Two features in daily_fetch.sh are worth mentioning:

It does not process “today’s” papers: HuggingFace updates the same-day list in real time as authors submit, so crawling today would miss papers submitted later. By default it grabs “the 7 days before yesterday” rather than today, and conveniently backfills the days the machine was off.
Idempotency: it should not rely on a fixed daily trigger, since there is no guarantee the machine is on at that moment. So it runs every 2 hours after boot — skip if a day already has results, but run once for empty results; if git has no changes, do not push.

Quick Start

Requirements: macOS, Python 3, and an installed & logged-in Kimi CLI.

1. Clone the repos

git clone https://github.com/YuyaoGe/Paper_Agent_Skill.git # Skill + scripts
git clone https://github.com/YuyaoGe/paper_reader.git # data + frontend

2. Install the Skill into Kimi

cd Paper_Agent_Skill
mkdir -p ~/.kimi/skills
ln -sfn "$PWD" ~/.kimi/skills/hf-paper-filter

3. Verify the pipeline manually

# run_kimi_one_day.sh YYYY-MM-DD [paper_reader path]
./scripts/run_kimi_one_day.sh 2026-06-01 /path/to/paper_reader

4. (Optional) Backfill a historical range

# backfill_papers.sh START_DATE END_DATE [CONCURRENCY] [paper_reader path]
./scripts/backfill_papers.sh 2026-04-25 2026-05-26 6 /path/to/paper_reader
python3 ./scripts/merge_batches.py /path/to/paper_reader

5. Install the scheduled job for unattended runs

cp scripts/com.yuyaoge.paper-daily-fetch.plist ~/Library/LaunchAgents/
launchctl load -w ~/Library/LaunchAgents/com.yuyaoge.paper-daily-fetch.plist

Frontend

The final list is aggregated into paper_list.md, so the Agent can easily append to the end of the file and the frontend can easily parse it.

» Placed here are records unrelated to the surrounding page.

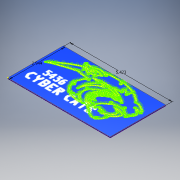
# Autodesk Inventor part: CyberCat Logo 1-27-2017
Saved by Autodesk Inventor 2016 SP2 (Build 200236200, 236)
## iProperties
Created: 2017-01-28
Part Number: CyberCat Logo 1-27-2017
Material: Generic
Document SubType Name: Modeling
Designer: CAD
Density: 1 g/cm^3
Appearance: Default
Author: CAD
Autodesk Inventor part; units mm, degrees
(part 1 of 3)
ref_plane "YZ Plane" through (0, 0, 0) normal (1, 0, 0) x (0, 1, 0)
ref_plane "XZ Plane" through (0, 0, 0) normal (0, 1, 0) x (-1, 0, 0)
ref_plane "XY Plane" through (0, 0, 0) normal (0, 0, 1) x (1, 0, 0)
sketch "Sketch5" plane through (0, 0, 0) normal (0, 1, 0) x (-1, 0, 0)
  line L0 (0, 0) -> (0, -74.7776)
  line L1 (0, -74.7776) -> (-137.7442, -74.7776)
  line L2 (-137.7442, -74.7776) -> (-137.7442, 0)
  line L3 (-137.7442, 0) -> (0, 0)
  dimension "d59" = 74.7776
  dimension "d60" = 137.7442
  constraints: 8 end point, 3 perpendicular, 1 vertical
  measures "d59" distance of L0.start L0.end
  measures "d60" distance of L0.end L1.end
extrude "Extrusion2" add sketch "Sketch5" along normal blind 0.7937
sketch "Sketch6" plane through (0, 0.7937, 0) normal (0, 1, 0) x (1, 0, 0)
  line L0 (137.7442, 74.7776) -> (0, 74.7776) projected
  line L1 (0, 74.7776) -> (137.7451, 74.7759) construction
  line L2 (137.7451, 74.7759) -> (137.7442, 0) construction
  line L3 (137.7442, 0) -> (-0.0009, 0.0017) construction
  line L4 (-0.0009, 0.0017) -> (0, 74.7776) construction
  point P0 (0, 0)
  constraints: 2 other
decal "Decal1"
sketch "Sketch7" plane through (0, 0.7937, 0) normal (0, 1, 0) x (1, 0, 0)
  circle A0 centre (6.8078, 44.1868) radius 1.651
  circle A1 centre (35.2483, 69.5859) radius 1.651
  circle A2 centre (41.5129, 60.1607) radius 1.651
  circle A3 centre (49.8624, 58.3881) radius 1.651
  circle A4 centre (44.4496, 66.9531) radius 1.651
  circle A5 centre (53.1196, 65.2289) radius 1.651
  circle A6 centre (57.1286, 60.9965) radius 1.651
  circle A7 centre (63.7205, 68.4202) radius 1.651
  circle A8 centre (83.2485, 68.8372) radius 1.651
  circle A9 centre (93.5061, 60.1607) radius 1.651
  circle A10 centre (99.5004, 60.1607) radius 1.651
  circle A11 centre (114.5732, 57.5147) radius 1.651
  circle A12 centre (130.6019, 48.3074) radius 1.651
  circle A13 centre (120.3092, 50.7732) radius 1.651
  circle A14 centre (127.1666, 41.9144) radius 1.651
  circle A15 centre (56.094, 53.7186) radius 1.651
  circle A16 centre (51.8293, 37.1588) radius 1.651
  circle A17 centre (59.035, 35.2533) radius 1.651
  circle A18 centre (64.8224, 41.5541) radius 1.651
  circle A19 centre (61.2211, 26.4773) radius 1.651
  circle A20 centre (65.5853, 26.8249) radius 1.651
  circle A21 centre (79.684, 21.2186) radius 1.651
  circle A22 centre (66.9848, 54.8596) radius 1.651
  circle A23 centre (78.8358, 51.8496) radius 1.651
  circle A24 centre (82.097, 53.5006) radius 1.651
  circle A25 centre (105.6651, 47.4221) radius 1.651
  circle A26 centre (97.355, 41.2731) radius 1.651
  circle A27 centre (84.8207, 32.3826) radius 1.651
  circle A28 centre (86.4717, 27.6903) radius 1.651
  arc A29 (94.6466, 25.5556) -> (93.8506, 25.9892) centre (95.008, 27.1666) ccw
  arc A30 (93.8506, 25.9892) -> (94.6466, 25.5556) centre (93.4892, 24.3783) ccw
  circle A31 centre (99.9904, 23.2455) radius 1.651
  circle A32 centre (104.8487, 13.4279) radius 1.651
  circle A33 centre (112.4853, 20.5125) radius 1.651
  circle A34 centre (113.5071, 44.1965) radius 1.651
  circle A35 centre (124.3721, 33.5489) radius 1.651
  line L0 (6.8078, 45.8378) -> (8.0519, 45.8378) construction
  line L1 (8.0519, 45.8378) -> (8.3576, 45.9676) construction
  line L2 (8.3576, 45.9676) -> (8.5521, 46.2871) construction
  line L3 (8.5521, 46.2871) -> (9.0107, 47.1347) construction
  line L4 (9.0107, 47.1347) -> (9.7471, 48.4269) construction
  line L5 (9.7471, 48.4269) -> (11.414, 49.9584) construction
  line L6 (11.414, 49.9584) -> (13.6061, 51.4077) construction
  line L7 (13.6061, 51.4077) -> (19.1063, 55.1419) construction
  line L8 (19.1063, 55.1419) -> (26.2805, 59.5783) construction
  line L9 (26.2805, 59.5783) -> (31.0633, 62.2885) construction
  line L10 (31.0633, 62.2885) -> (35.0489, 63.9625) construction
  line L11 (35.0489, 63.9625) -> (37.8389, 65.1565) construction
  line L12 (37.8389, 65.1565) -> (39.0415, 65.4198) construction
  line L13 (39.0415, 65.4198) -> (39.3053, 65.4198) construction
  line L14 (39.3053, 65.4198) -> (39.0576, 65.5109) construction
  line L15 (39.0576, 65.5109) -> (37.9279, 65.9163) construction
  line L16 (37.9279, 65.9163) -> (36.686, 66.5708) construction
  line L17 (36.686, 66.5708) -> (36.2832, 66.9435) construction
  line L18 (36.2832, 66.9435) -> (36.2832, 67.3428) construction
  line L19 (36.2832, 67.3428) -> (36.2832, 67.8463) construction
  line L20 (36.2832, 67.8463) -> (36.0552, 68.1455) construction
  spline S0 degree 4 poles (6.8078, 45.8378) (8.0519, 45.8378) (8.3576, 45.9676) (8.5521, 46.2871) (9.0107, 47.1347) (9.7471, 48.4269) (11.414, 49.9584) (13.6061, 51.4077) (19.1063, 55.1419) (26.2805, 59.5783) (31.0633, 62.2885) (35.0489, 63.9625) (37.8389, 65.1565) (39.0415, 65.4198) (39.3053, 65.4198) (39.0576, 65.5109) (37.9279, 65.9163) (36.686, 66.5708) (36.2832, 66.9435) (36.2832, 67.3428) (36.2832, 67.8463) (36.0552, 68.1455) knots 1 1 1 1 1 2 3 4 5 6 7 8 9 10 11 12 13 14 15 16 17 18 19 19 19 19 19
  line L21 (36.686, 70.3975) -> (37.0648, 70.1113) construction
  line L22 (37.0648, 70.1113) -> (37.624, 70.0228) construction
  line L23 (37.624, 70.0228) -> (44.0012, 70.0616) construction
  line L24 (44.0012, 70.0616) -> (44.4327, 70.1552) construction
  line L25 (44.4327, 70.1552) -> (45.8621, 70.7618) construction
  line L26 (45.8621, 70.7618) -> (47.3909, 71.4105) construction
  line L27 (47.3909, 71.4105) -> (48.4324, 71.773) construction
  line L28 (48.4324, 71.773) -> (50.9438, 72.323) construction
  line L29 (50.9438, 72.323) -> (52.679, 72.5347) construction
  line L30 (52.679, 72.5347) -> (54.742, 72.3904) construction
  line L31 (54.742, 72.3904) -> (56.914, 71.9923) construction
  line L32 (56.914, 71.9923) -> (59.3835, 71.5769) construction
  line L33 (59.3835, 71.5769) -> (60.3944, 71.3397) construction
  line L34 (60.3944, 71.3397) -> (60.7311, 71.1348) construction
  line L35 (60.7311, 71.1348) -> (60.9166, 70.9329) construction
  line L36 (60.9166, 70.9329) -> (61.1158, 71.1159) construction
  line L37 (61.1158, 71.1159) -> (61.5549, 71.5906) construction
  line L38 (61.5549, 71.5906) -> (62.519, 72.228) construction
  line L39 (62.519, 72.228) -> (63.4781, 72.438) construction
  line L40 (63.4781, 72.438) -> (65.1277, 72.438) construction
  line L41 (65.1277, 72.438) -> (65.8194, 72.7315) construction
  line L42 (65.8194, 72.7315) -> (67.0384, 72.911) construction
  line L43 (67.0384, 72.911) -> (69.9722, 73.247) construction
  line L44 (69.9722, 73.247) -> (73.1902, 73.247) construction
  line L45 (73.1902, 73.247) -> (77.615, 73.1213) construction
  line L46 (77.615, 73.1213) -> (80.8092, 73.1981) construction
  line L47 (80.8092, 73.1981) -> (81.5807, 72.9331) construction
  line L48 (81.5807, 72.9331) -> (81.9018, 72.5836) construction
  line L49 (81.9018, 72.5836) -> (81.9959, 72.1543) construction
  line L50 (81.9959, 72.1543) -> (82.3185, 72.1543) construction
  line L51 (82.3185, 72.1543) -> (82.7036, 72.2386) construction
  line L52 (82.7036, 72.2386) -> (83.0267, 72.4522) construction
  line L53 (83.0267, 72.4522) -> (83.3347, 72.7352) construction
  line L54 (83.3347, 72.7352) -> (83.6915, 72.8866) construction
  line L55 (83.6915, 72.8866) -> (84.2749, 72.8866) construction
  line L56 (84.2749, 72.8866) -> (85.5312, 72.8025) construction
  line L57 (85.5312, 72.8025) -> (86.24, 72.5421) construction
  line L58 (86.24, 72.5421) -> (87.9155, 72.4451) construction
  line L59 (87.9155, 72.4451) -> (89.2405, 72.117) construction
  line L60 (89.2405, 72.117) -> (91.2216, 71.7511) construction
  line L61 (91.2216, 71.7511) -> (93.0135, 71.3473) construction
  line L62 (93.0135, 71.3473) -> (95.8504, 70.3975) construction
  line L63 (95.8504, 70.3975) -> (99.4835, 69.2949) construction
  line L64 (99.4835, 69.2949) -> (101.2237, 68.4106) construction
  line L65 (101.2237, 68.4106) -> (101.6246, 67.8463) construction
  line L66 (101.6246, 67.8463) -> (101.6246, 67.1432) construction
  line L67 (101.6246, 67.1432) -> (101.722, 67.0838) construction
  line L68 (101.722, 67.0838) -> (102.2011, 67.3428) construction
  line L69 (102.2011, 67.3428) -> (102.836, 67.5285) construction
  line L70 (102.836, 67.5285) -> (103.6725, 67.2212) construction
  line L71 (103.6725, 67.2212) -> (105.2254, 66.4987) construction
  spline S1 degree 4 poles (36.686, 70.3975) (37.0648, 70.1113) (37.624, 70.0228) (44.0012, 70.0616) (44.4327, 70.1552) (45.8621, 70.7618) (47.3909, 71.4105) (48.4324, 71.773) (50.9438, 72.323) (52.679, 72.5347) (54.742, 72.3904) (56.914, 71.9923) (59.3835, 71.5769) (60.3944, 71.3397) (60.7311, 71.1348) (60.9166, 70.9329) (61.1158, 71.1159) (61.5549, 71.5906) (62.519, 72.228) (63.4781, 72.438) (65.1277, 72.438) (65.8194, 72.7315) (67.0384, 72.911) (69.9722, 73.247) (73.1902, 73.247) (77.615, 73.1213) (80.8092, 73.1981) (81.5807, 72.9331) (81.9018, 72.5836) (81.9959, 72.1543) (82.3185, 72.1543) (82.7036, 72.2386) (83.0267, 72.4522) (83.3347, 72.7352) (83.6915, 72.8866) (84.2749, 72.8866) (85.5312, 72.8025) (86.24, 72.5421) (87.9155, 72.4451) (89.2405, 72.117) (91.2216, 71.7511) (93.0135, 71.3473) (95.8504, 70.3975) (99.4835, 69.2949) (101.2237, 68.4106) (101.6246, 67.8463) (101.6246, 67.1432) (101.722, 67.0838) (102.2011, 67.3428) (102.836, 67.5285) (103.6725, 67.2212) (105.2254, 66.4987) knots 1 1 1 1 1 2 3 4 5 6 7 8 9 10 11 12 13 14 15 16 17 18 19 20 21 22 23 24 25 26 27 28 29 30 31 32 33 34 35 36 37 38 39 40 41 42 43 44 45 46 47 48 49 49 49 49 49
  line L72 (105.2254, 66.4987) -> (106.8582, 65.4654) construction
  line L73 (106.8582, 65.4654) -> (109.2144, 63.8128) construction
  line L74 (109.2144, 63.8128) -> (111.8392, 61.8021) construction
  line L75 (111.8392, 61.8021) -> (113.4902, 60.1511) construction
  line L76 (113.4902, 60.1511) -> (114.173, 59.4079) construction
  line L77 (114.173, 59.4079) -> (114.5732, 59.1657) construction
  spline S2 degree 4 poles (105.2254, 66.4987) (106.8582, 65.4654) (109.2144, 63.8128) (111.8392, 61.8021) (113.4902, 60.1511) (114.173, 59.4079) (114.5732, 59.1657) knots 1 1 1 1 1 2 3 4 4 4 4 4
  line L78 (116.0358, 58.2806) -> (117.3659, 58.2806) construction
  line L79 (117.3659, 58.2806) -> (118.6414, 58.2806) construction
  line L80 (118.6414, 58.2806) -> (120.0673, 58.055) construction
  line L81 (120.0673, 58.055) -> (122.3159, 57.0087) construction
  line L82 (122.3159, 57.0087) -> (126.3877, 54.85) construction
  line L83 (126.3877, 54.85) -> (129.1696, 52.4145) construction
  line L84 (129.1696, 52.4145) -> (130.2329, 50.885) construction
  line L85 (130.2329, 50.885) -> (130.5445, 50.4137) construction
  line L86 (130.5445, 50.4137) -> (130.7761, 50.0633) construction
  line L87 (130.7761, 50.0633) -> (130.8588, 49.9383) construction
  spline S3 degree 4 poles (116.0358, 58.2806) (117.3659, 58.2806) (118.6414, 58.2806) (120.0673, 58.055) (122.3159, 57.0087) (126.3877, 54.85) (129.1696, 52.4145) (130.2329, 50.885) (130.5445, 50.4137) (130.7761, 50.0633) (130.8588, 49.9383) knots 1 1 1 1 1 2 3 4 5 6 7 8 8 8 8 8
  circle A36 centre (6.8078, 44.1868) radius 0.889
  circle A37 centre (41.5129, 60.1607) radius 0.889
  circle A38 centre (44.4496, 66.9531) radius 0.889
  circle A39 centre (53.1196, 65.2289) radius 0.889
  circle A40 centre (57.1286, 60.9965) radius 0.889
  circle A41 centre (56.094, 53.7186) radius 0.889
  circle A42 centre (51.8293, 37.1588) radius 0.889
  circle A43 centre (59.035, 35.2533) radius 0.889
  circle A44 centre (61.2211, 26.4773) radius 0.889
  circle A45 centre (64.8224, 41.5541) radius 0.889
  circle A46 centre (66.9848, 54.8596) radius 0.889
  circle A47 centre (63.7205, 68.4202) radius 0.889
  circle A48 centre (35.2483, 69.5859) radius 0.889
  circle A49 centre (49.8624, 58.3881) radius 0.889
  circle A50 centre (82.097, 53.5006) radius 0.889
  circle A51 centre (78.8358, 51.8496) radius 0.889
  circle A52 centre (65.5853, 26.8249) radius 0.889
  circle A53 centre (79.684, 21.2186) radius 0.889
  circle A54 centre (86.4717, 27.6903) radius 0.889
  circle A55 centre (84.8207, 32.3826) radius 0.889
  circle A56 centre (95.008, 27.1666) radius 0.889
  circle A57 centre (93.4892, 24.3783) radius 0.889
  circle A58 centre (97.355, 41.2731) radius 0.889
  circle A59 centre (105.6651, 47.4221) radius 0.889
  circle A60 centre (93.5061, 60.1607) radius 0.889
  circle A61 centre (99.5004, 60.1607) radius 0.889
  circle A62 centre (114.5732, 57.5147) radius 0.889
  circle A63 centre (120.3092, 50.7732) radius 0.889
  circle A64 centre (127.1666, 41.9144) radius 0.889
  circle A65 centre (130.6019, 48.3074) radius 0.889
  circle A66 centre (124.3721, 33.5489) radius 0.889
  circle A67 centre (113.5071, 44.1965) radius 0.889
  circle A68 centre (104.8487, 13.4279) radius 0.889
  circle A69 centre (99.9904, 23.2455) radius 0.889
  circle A70 centre (112.4853, 20.5125) radius 0.889
  line L88 (129.3056, 47.285) -> (128.6834, 47.6216) construction
  line L89 (128.6834, 47.6216) -> (128.2041, 47.9133) construction
  line L90 (128.2041, 47.9133) -> (127.6309, 47.9133) construction
  line L91 (127.6309, 47.9133) -> (127.6309, 47.7021) construction
  line L92 (127.6309, 47.7021) -> (127.6309, 47.4374) construction
  line L93 (127.6309, 47.4374) -> (128.0384, 47.0641) construction
  line L94 (128.0384, 47.0641) -> (128.6987, 46.4533) construction
  line L95 (128.6987, 46.4533) -> (129.7126, 45.5394) construction
  line L96 (129.7126, 45.5394) -> (130.305, 44.6433) construction
  line L97 (130.305, 44.6433) -> (130.7259, 43.2144) construction
  line L98 (130.7259, 43.2144) -> (130.6016, 41.631) construction
  line L99 (130.6016, 41.631) -> (129.9774, 39.9124) construction
  line L100 (129.9774, 39.9124) -> (129.7126, 39.4529) construction
  line L101 (129.7126, 39.4529) -> (129.0373, 38.7229) construction
  line L102 (129.0373, 38.7229) -> (128.1187, 37.7299) construction
  line L103 (128.1187, 37.7299) -> (127.4807, 37.0403) construction
  line L104 (127.4807, 37.0403) -> (127.1494, 36.4595) construction
  line L105 (127.1494, 36.4595) -> (127.1494, 35.2254) construction
  line L106 (127.1494, 35.2254) -> (127.0463, 34.574) construction
  line L107 (127.0463, 34.574) -> (126.4766, 34.0429) construction
  line L108 (126.4766, 34.0429) -> (126.2604, 33.6116) construction
  line L109 (126.2604, 33.6116) -> (125.9704, 33.1353) construction
  spline S4 degree 4 poles (129.3056, 47.285) (128.6834, 47.6216) (128.2041, 47.9133) (127.6309, 47.9133) (127.6309, 47.7021) (127.6309, 47.4374) (128.0384, 47.0641) (128.6987, 46.4533) (129.7126, 45.5394) (130.305, 44.6433) (130.7259, 43.2144) (130.6016, 41.631) (129.9774, 39.9124) (129.7126, 39.4529) (129.0373, 38.7229) (128.1187, 37.7299) (127.4807, 37.0403) (127.1494, 36.4595) (127.1494, 35.2254) (127.0463, 34.574) (126.4766, 34.0429) (126.2604, 33.6116) (125.9704, 33.1353) knots 1 1 1 1 1 2 3 4 5 6 7 8 9 10 11 12 13 14 15 16 17 18 19 20 20 20 20 20
  line L110 (122.796, 34.0405) -> (122.546, 34.4186) construction
  line L111 (122.546, 34.4186) -> (121.9434, 34.9796) construction
  line L112 (121.9434, 34.9796) -> (121.2954, 35.4818) construction
  line L113 (121.2954, 35.4818) -> (120.7411, 35.9945) construction
  line L114 (120.7411, 35.9945) -> (120.0673, 36.499) construction
  line L115 (120.0673, 36.499) -> (119.5784, 36.7966) construction
  line L116 (119.5784, 36.7966) -> (118.8662, 37.1468) construction
  line L117 (118.8662, 37.1468) -> (118.1515, 37.6752) construction
  line L118 (118.1515, 37.6752) -> (117.513, 37.9954) construction
  line L119 (117.513, 37.9954) -> (116.4961, 38.6144) construction
  line L120 (116.4961, 38.6144) -> (115.2293, 39.0855) construction
  line L121 (115.2293, 39.0855) -> (114.5732, 39.0855) construction
  line L122 (114.5732, 39.0855) -> (114.1479, 39.91) construction
  line L123 (114.1479, 39.91) -> (113.7598, 40.5655) construction
  line L124 (113.7598, 40.5655) -> (113.5786, 40.8396) construction
  line L125 (113.5786, 40.8396) -> (113.4566, 40.653) construction
  line L126 (113.4566, 40.653) -> (113.2805, 40.3636) construction
  line L127 (113.2805, 40.3636) -> (112.7385, 40.175) construction
  line L128 (112.7385, 40.175) -> (111.5844, 40.175) construction
  line L129 (111.5844, 40.175) -> (110.1447, 40.175) construction
  line L130 (110.1447, 40.175) -> (108.9041, 40.175) construction
  line L131 (108.9041, 40.175) -> (107.0369, 40.175) construction
  line L132 (107.0369, 40.175) -> (105.6482, 39.91) construction
  line L133 (105.6482, 39.91) -> (103.6725, 39.3406) construction
  line L134 (103.6725, 39.3406) -> (102.1495, 39.0855) construction
  line L135 (102.1495, 39.0855) -> (101.1345, 39.0855) construction
  line L136 (101.1345, 39.0855) -> (101.0047, 38.9663) construction
  line L137 (101.0047, 38.9663) -> (101.0493, 38.6006) construction
  line L138 (101.0493, 38.6006) -> (100.9043, 38.224) construction
  line L139 (100.9043, 38.224) -> (99.0745, 36.6349) construction
  line L140 (99.0745, 36.6349) -> (97.3379, 35.2602) construction
  line L141 (97.3379, 35.2602) -> (95.9794, 34.306) construction
  line L142 (95.9794, 34.306) -> (94.4909, 33.1329) construction
  line L143 (94.4909, 33.1329) -> (93.4892, 32.0282) construction
  line L144 (93.4892, 32.0282) -> (91.9786, 30.3953) construction
  line L145 (91.9786, 30.3953) -> (91.3738, 29.3292) construction
  line L146 (91.3738, 29.3292) -> (91.051, 28.7602) construction
  line L147 (91.051, 28.7602) -> (90.7428, 27.5702) construction
  line L148 (90.7428, 27.5702) -> (90.7428, 27.8795) construction
  line L149 (90.7428, 27.8795) -> (91.2216, 26.2776) construction
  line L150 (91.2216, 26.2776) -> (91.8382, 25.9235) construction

The frontend is a pure static page: at runtime it pulls the Markdown down and parses it into cards, supporting tag filtering and date search:

// The frontend fetches the Markdown data source and parses it at runtime
const resp = await fetch('paper_list.md');
// Each entry: - **Title** `[Tag]` — [id](url) | [GitHub](url)
// > Chinese summary
currentPapers.push({ title, tags, links, desc });

It is hosted on GitHub Pages; the scheduled script pushes the updated paper_list.md to the cloud every day, and the page updates in sync.

paper_reader: what it looks like after filtering, tagging, and Chinese-summary generation — filterable by tag and sortable by date.

Overall Pipeline

Putting it all together, the full pipeline is:

 macOS launchd ──▶ daily_fetch.sh (every 2h, idempotent)
 │ split by day, run in parallel
 ▼
 run_kimi_one_day.sh × N (xargs -P 6)
 └─ Kimi CLI loads the hf-paper-filter Skill
 ├─ fetch_hf_papers.py Python pre-filter
 ├─ GitHub Contents API verify code presence
 └─ write Chinese summary + tags
 │ one JSON per day
 ▼
 paper_batches/YYYY-MM-DD.json
 │ merge_batches.py
 ▼
 paper_list.md ──git push──▶ GitHub Pages (frontend fetch + render)

The pieces are all pretty ordinary: the Python standard library for pre-filtering, Kimi CLI for judgment, xargs -P for parallelism, launchd for scheduling, a single paper_list.md as the data source, and a static page for display.